Correlation Between Yang Ming and Momo
Can any of the company-specific risk be diversified away by investing in both Yang Ming and Momo at the same time? Although using a correlation coefficient on its own may not help to predict future stock returns, this module helps to understand the diversifiable risk of combining Yang Ming and Momo into the same portfolio, which is an essential part of the fundamental portfolio management process.
By analyzing existing cross correlation between Yang Ming Marine and momo Inc, you can compare the effects of market volatilities on Yang Ming and Momo and check how they will diversify away market risk if combined in the same portfolio for a given time horizon. You can also utilize pair trading strategies of matching a long position in Yang Ming with a short position of Momo. Check out your portfolio center. Please also check ongoing floating volatility patterns of Yang Ming and Momo.

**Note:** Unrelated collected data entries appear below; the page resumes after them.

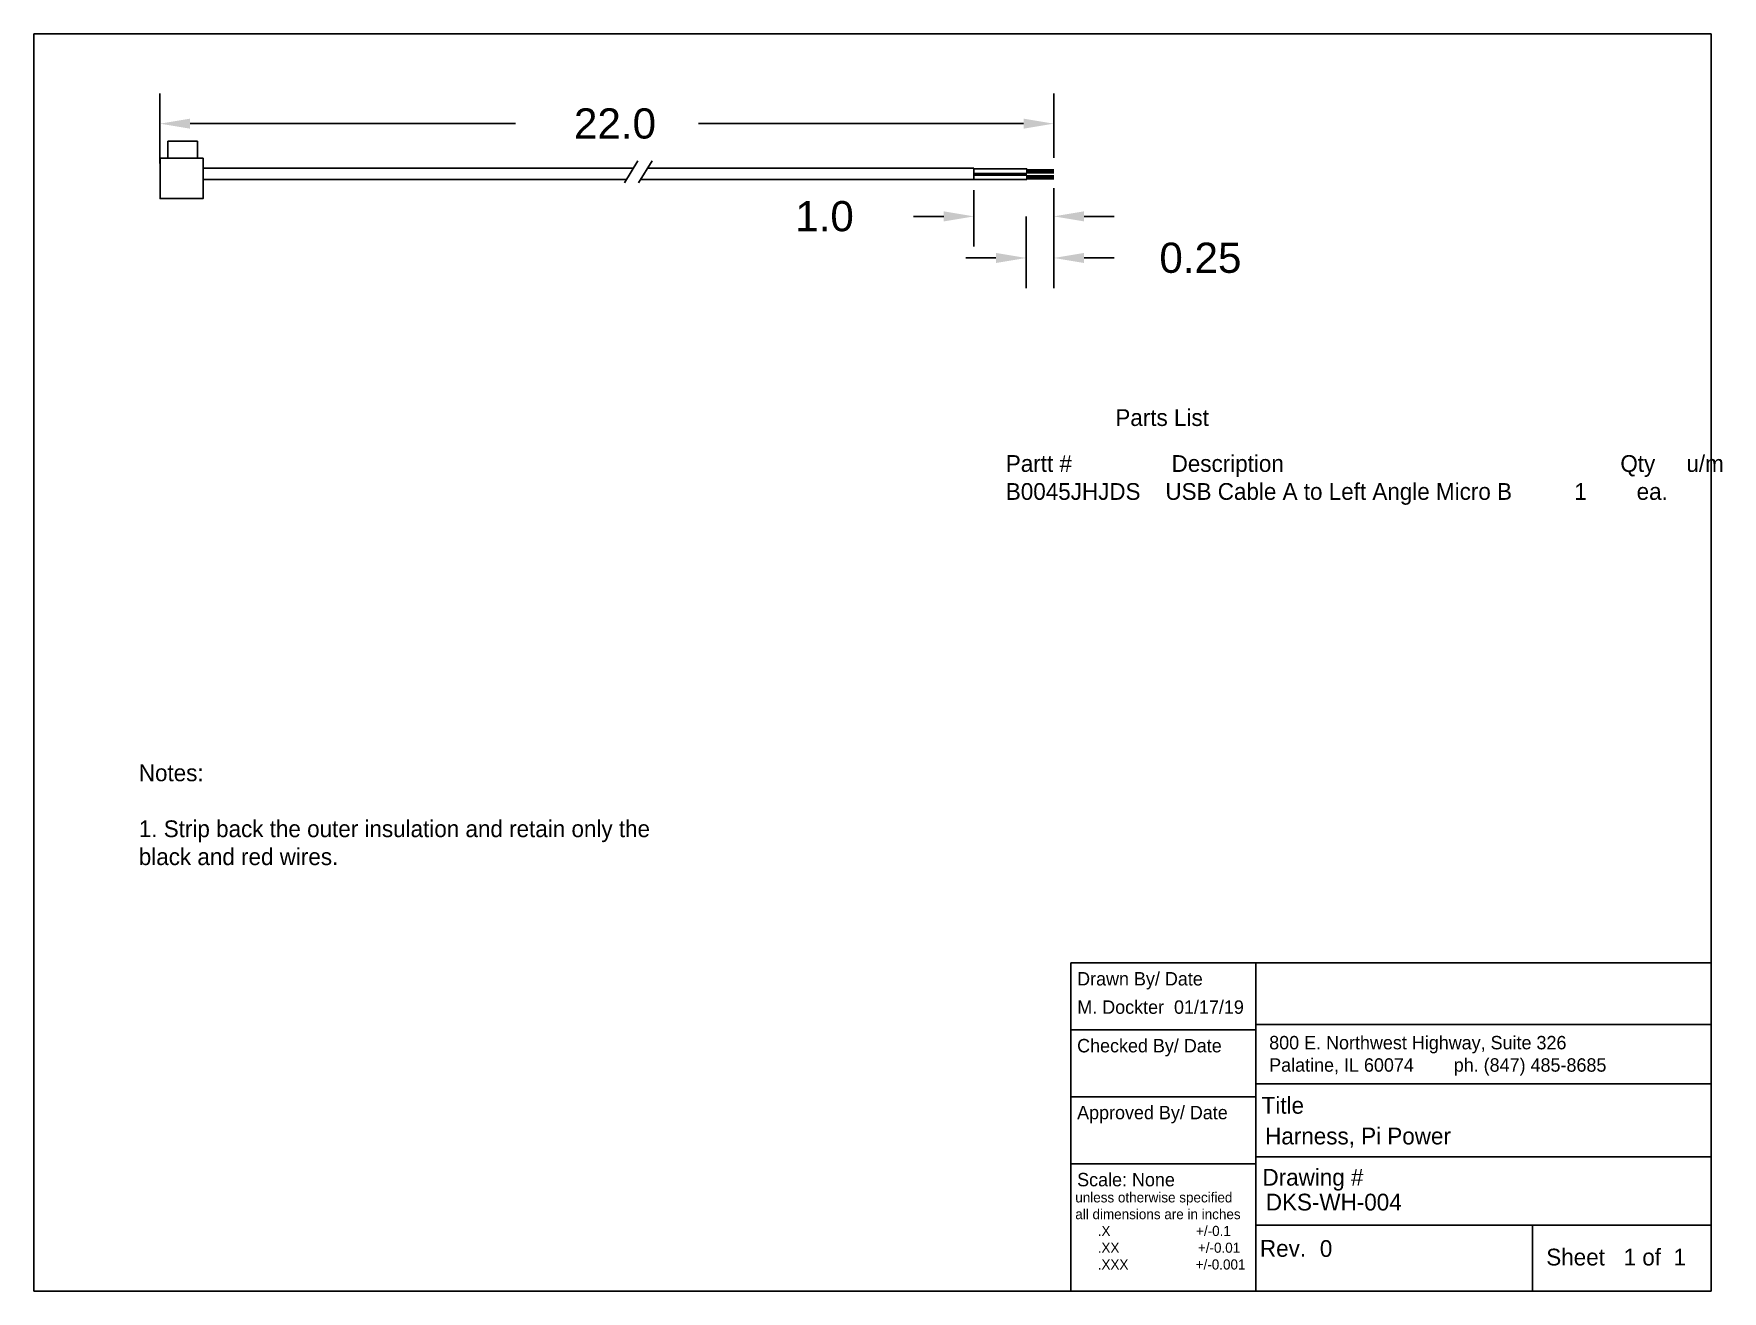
# Model space of a CAD drawing. Header units: inches. Extents: x 0.6 to 10.7, y 0.7 to 8.2.
import ezdxf

# ---------------------------------------------------------------- set-up
doc = ezdxf.new("R2010")
doc.units = ezdxf.units.IN
doc.header["$MEASUREMENT"] = 0
doc.styles.get("Standard").update_dxf_attribs({"font": 'arial.ttf'})
picture_1 = doc.add_image_def('image1.jpg', size_in_pixel=(3943, 533))

msp = doc.modelspace()

# ---------------------------------------------------------------- linework, layer by layer
for p, q in [((0.608, 0.723), (0.608, 8.223)), ((0.608, 8.223), (10.608, 8.223)), ((10.608, 8.223), (10.608, 0.723)), ((1.36, 7.449), (1.36, 7.867)), ((6.689, 7.483), (6.689, 7.867)), ((1.54, 7.687), (3.479, 7.687)), ((6.509, 7.687), (4.571, 7.687)), ((4.21, 7.466), (4.129, 7.334)), ((4.21, 7.466), (4.129, 7.334)), ((4.294, 7.466), (4.213, 7.334)), ((1.617, 7.421), (1.617, 7.353)), ((4.182, 7.421), (1.617, 7.421)), ((1.617, 7.353), (4.14, 7.353)), ((4.225, 7.353), (6.213, 7.353)), ((6.213, 7.421), (4.266, 7.421)), ((6.213, 7.421), (6.213, 7.353)), ((6.529, 7.417), (6.213, 7.417)), ((6.529, 7.389), (6.213, 7.389)), ((6.529, 7.38), (6.213, 7.38)), ((6.529, 7.353), (6.213, 7.353)), ((6.529, 7.402), (6.529, 7.417)), ((6.529, 7.417), (6.529, 7.417)), ((6.529, 7.402), (6.529, 7.389)), ((6.529, 7.366), (6.529, 7.38)), ((6.529, 7.38), (6.529, 7.38)), ((6.529, 7.366), (6.529, 7.353)), ((1.617, 7.308), (1.617, 7.24)), ((6.213, 7.29), (6.213, 6.954)), ((6.689, 7.303), (6.689, 6.954)), ((6.033, 7.134), (5.853, 7.134)), ((6.524, 7.133), (6.524, 6.706)), ((6.689, 7.133), (6.689, 6.706)), ((6.869, 7.134), (7.049, 7.134)), ((6.344, 6.886), (6.164, 6.886)), ((6.869, 6.886), (7.049, 6.886)), ((10.608, 2.682), (6.791, 2.682)), ((6.791, 2.682), (6.791, 0.723)), ((6.791, 2.282), (7.894, 2.282)), ((7.894, 2.315), (7.894, 1.96)), ((7.894, 1.96), (10.608, 1.96)), ((7.894, 1.96), (7.894, 0.723)), ((6.791, 1.883), (7.894, 1.883)), ((7.894, 1.524), (10.608, 1.524)), ((6.791, 1.484), (7.894, 1.484)), ((7.894, 1.118), (10.608, 1.118)), ((9.543, 1.118), (9.543, 0.723)), ((10.608, 0.723), (0.608, 0.723)), ((7.894, 0.723), (10.608, 0.723))]:
    msp.add_line(p, q)
at = {"lineweight": 100}
for p, q in [((6.689, 7.402), (6.529, 7.402)), ((6.689, 7.366), (6.529, 7.366))]:
    msp.add_line(p, q, dxfattribs=at)
for points in [[(1.408, 7.481), (1.408, 7.582), (1.583, 7.582), (1.583, 7.481)], [(1.361, 7.481), (1.361, 7.24), (1.617, 7.24), (1.617, 7.481)]]:
    msp.add_lwpolyline(points, close=True)
for points in [[(1.54, 7.717), (1.54, 7.657), (1.36, 7.687)], [(6.509, 7.657), (6.509, 7.717), (6.689, 7.687)], [(6.033, 7.104), (6.033, 7.164), (6.213, 7.134)], [(6.869, 7.164), (6.869, 7.104), (6.689, 7.134)], [(6.344, 6.856), (6.344, 6.916), (6.524, 6.886)], [(6.869, 6.916), (6.869, 6.856), (6.689, 6.886)]]:
    msp.add_solid(points)

# ---------------------------------------------------------------- texts
at = {"char_height": 0.18, "attachment_point": 5}
for s, insert in [('{22.0}', (4.073, 7.687)), ('{1.0}', (5.322, 7.134)), ('{0.25}', (7.563, 6.886))]:
    msp.add_mtext(s, dxfattribs=dict(at, insert=insert))
at = {"attachment_point": 1}
for s, insert, char_height, width in [('{\\fFreeSans|b0|i0|c0|p0;Parts List}', (7.056, 5.984), 0.1, 0.98619), ('{\\fFreeSans|b0|i0|c0|p0;Partt #                Description                                                      Qty     u/m\\P\\fUbuntu|b0|i0|c0|p0;B0045JHJDS    USB Cable A to Left Angle Micro B          1        ea.\\P        }', (6.403, 5.71), 0.1, 4.99983), ('{\\fFreeSans|b0|i0|c0|p0;Notes:\\P\\P1. Strip back the outer insulation and retain only the black and red wires.}', (1.234, 3.865), 0.1, 3.05094), ('{\\fFreeSans|b0|i0|c0|p0;Drawn By/ Date}', (6.828, 2.627), 0.08, 0.98619), ('{\\fFreeSans|b0|i0|c0|p0;M. Dockter  01/17/19}', (6.829, 2.458), 0.08, 1.06518), ('{\\fFreeSans|b0|i0|c0|p0;Checked By/ Date}', (6.828, 2.228), 0.08, 0.98619), ('{\\fFreeSans|b0|i0|c0|p0;800 E. Northwest Highway, Suite 326\\PPalatine, IL 60074        ph. (847) 485-8685}', (7.973, 2.246), 0.08, 2.57956), ('{\\fFreeSans|b0|i0|c0|p0;Approved By/ Date}', (6.828, 1.829), 0.08, 0.98619), ('{\\fFreeSans|b0|i0|c0|p0;Title}', (7.928, 1.882), 0.1, 0.98619), ('{\\fFreeSans|b0|i0|c0|p0;Harness, Pi Power}', (7.949, 1.699), 0.1, 1.93493), ('{\\fFreeSans|b0|i0|c0|p0;Scale: None}', (6.828, 1.429), 0.08, 0.98619), ('{\\fFreeSans|b0|i0|c0|p0;Drawing #}', (7.933, 1.453), 0.1, 0.98619), ('{\\fFreeSans|b0|i0|c0|p0;unless otherwise specified\\Pall dimensions are in inches\\P      .X^I^I^I+/-0.1\\P      .XX                     +/-0.01   \\P      .XXX                  +/-0.001}', (6.817, 1.313), 0.06, 1.23209), ('{\\fFreeSans|b0|i0|c0|p0;DKS-WH-004}', (7.953, 1.305), 0.1, 0.98619), ('{\\fFreeSans|b0|i0|c0|p0;Rev. }', (7.918, 1.029), 0.1, 0.98619), ('{\\fFreeSans|b0|i0|c0|p0;0}', (8.275, 1.028), 0.1, 0.98619), ('{\\fFreeSans|b0|i0|c0|p0;Sheet   1 of  1    }', (9.625, 0.977), 0.1, 0.98619)]:
    msp.add_mtext(s, dxfattribs=dict(at, insert=insert, char_height=char_height, width=width))

# ---------------------------------------------------------------- pictures from other files: only their frames are drawn
image = msp.add_image(picture_1, insert=(7.894, 2.315), size_in_units=(2.714, 0.367))
image.dxf.flags = 7

doc.saveas('drawing.dxf')

Diversification Opportunities for Yang Ming and Momo
Excellent diversification
The 3 months correlation between Yang and Momo is -0.68. Overlapping area represents the amount of risk that can be diversified away by holding Yang Ming Marine and momo Inc in the same portfolio, assuming nothing else is changed. The correlation between historical prices or returns on momo Inc and Yang Ming is a relative statistical measure of the degree to which these equity instruments tend to move together. The correlation coefficient measures the extent to which returns on Yang Ming Marine are associated (or correlated) with Momo. Values of the correlation coefficient range from -1 to +1, where. The correlation of zero (0) is possible when the price movement of momo Inc has no effect on the direction of Yang Ming i.e., Yang Ming and Momo go up and down completely randomly.
Pair Corralation between Yang Ming and Momo
Assuming the 90 days trading horizon Yang Ming Marine is expected to generate 2.25 times more return on investment than Momo. However, Yang Ming is 2.25 times more volatile than momo Inc. It trades about 0.17 of its potential returns per unit of risk. momo Inc is currently generating about -0.15 per unit of risk. If you would invest 6,170 in Yang Ming Marine on September 15, 2024 and sell it today you would earn a total of 1,870 from holding Yang Ming Marine or generate 30.31% return on investment over 90 days.
Time Period | 3 Months [change] |
Direction | Moves Against |
Strength | Weak |
Accuracy | 100.0% |
Values | Daily Returns |
Yang Ming Marine vs. momo Inc
Performance |
Timeline |
Yang Ming Marine |
momo Inc |
Yang Ming and Momo Volatility Contrast
Predicted Return Density |
Returns |
Pair Trading with Yang Ming and Momo
The main advantage of trading using opposite Yang Ming and Momo positions is that it hedges away some unsystematic risk. Because of two separate transactions, even if Yang Ming position performs unexpectedly, Momo can make up some of the losses. Pair trading also minimizes risk from directional movements in the market. For example, if an entire industry or sector drops because of unexpected headlines, the short position in Momo will offset losses from the drop in Momo's long position.The idea behind Yang Ming Marine and momo Inc pairs trading is to make the combined position market-neutral, meaning the overall market's direction will not affect its win or loss (or potential downside or upside). This can be achieved by designing a pairs trade with two highly correlated stocks or equities that operate in a similar space or sector, making it possible to obtain profits through simple and relatively low-risk investment.Check out your portfolio center.Note that this page's information should be used as a complementary analysis to find the right mix of equity instruments to add to your existing portfolios or create a brand new portfolio. You can also try the Latest Portfolios module to quick portfolio dashboard that showcases your latest portfolios.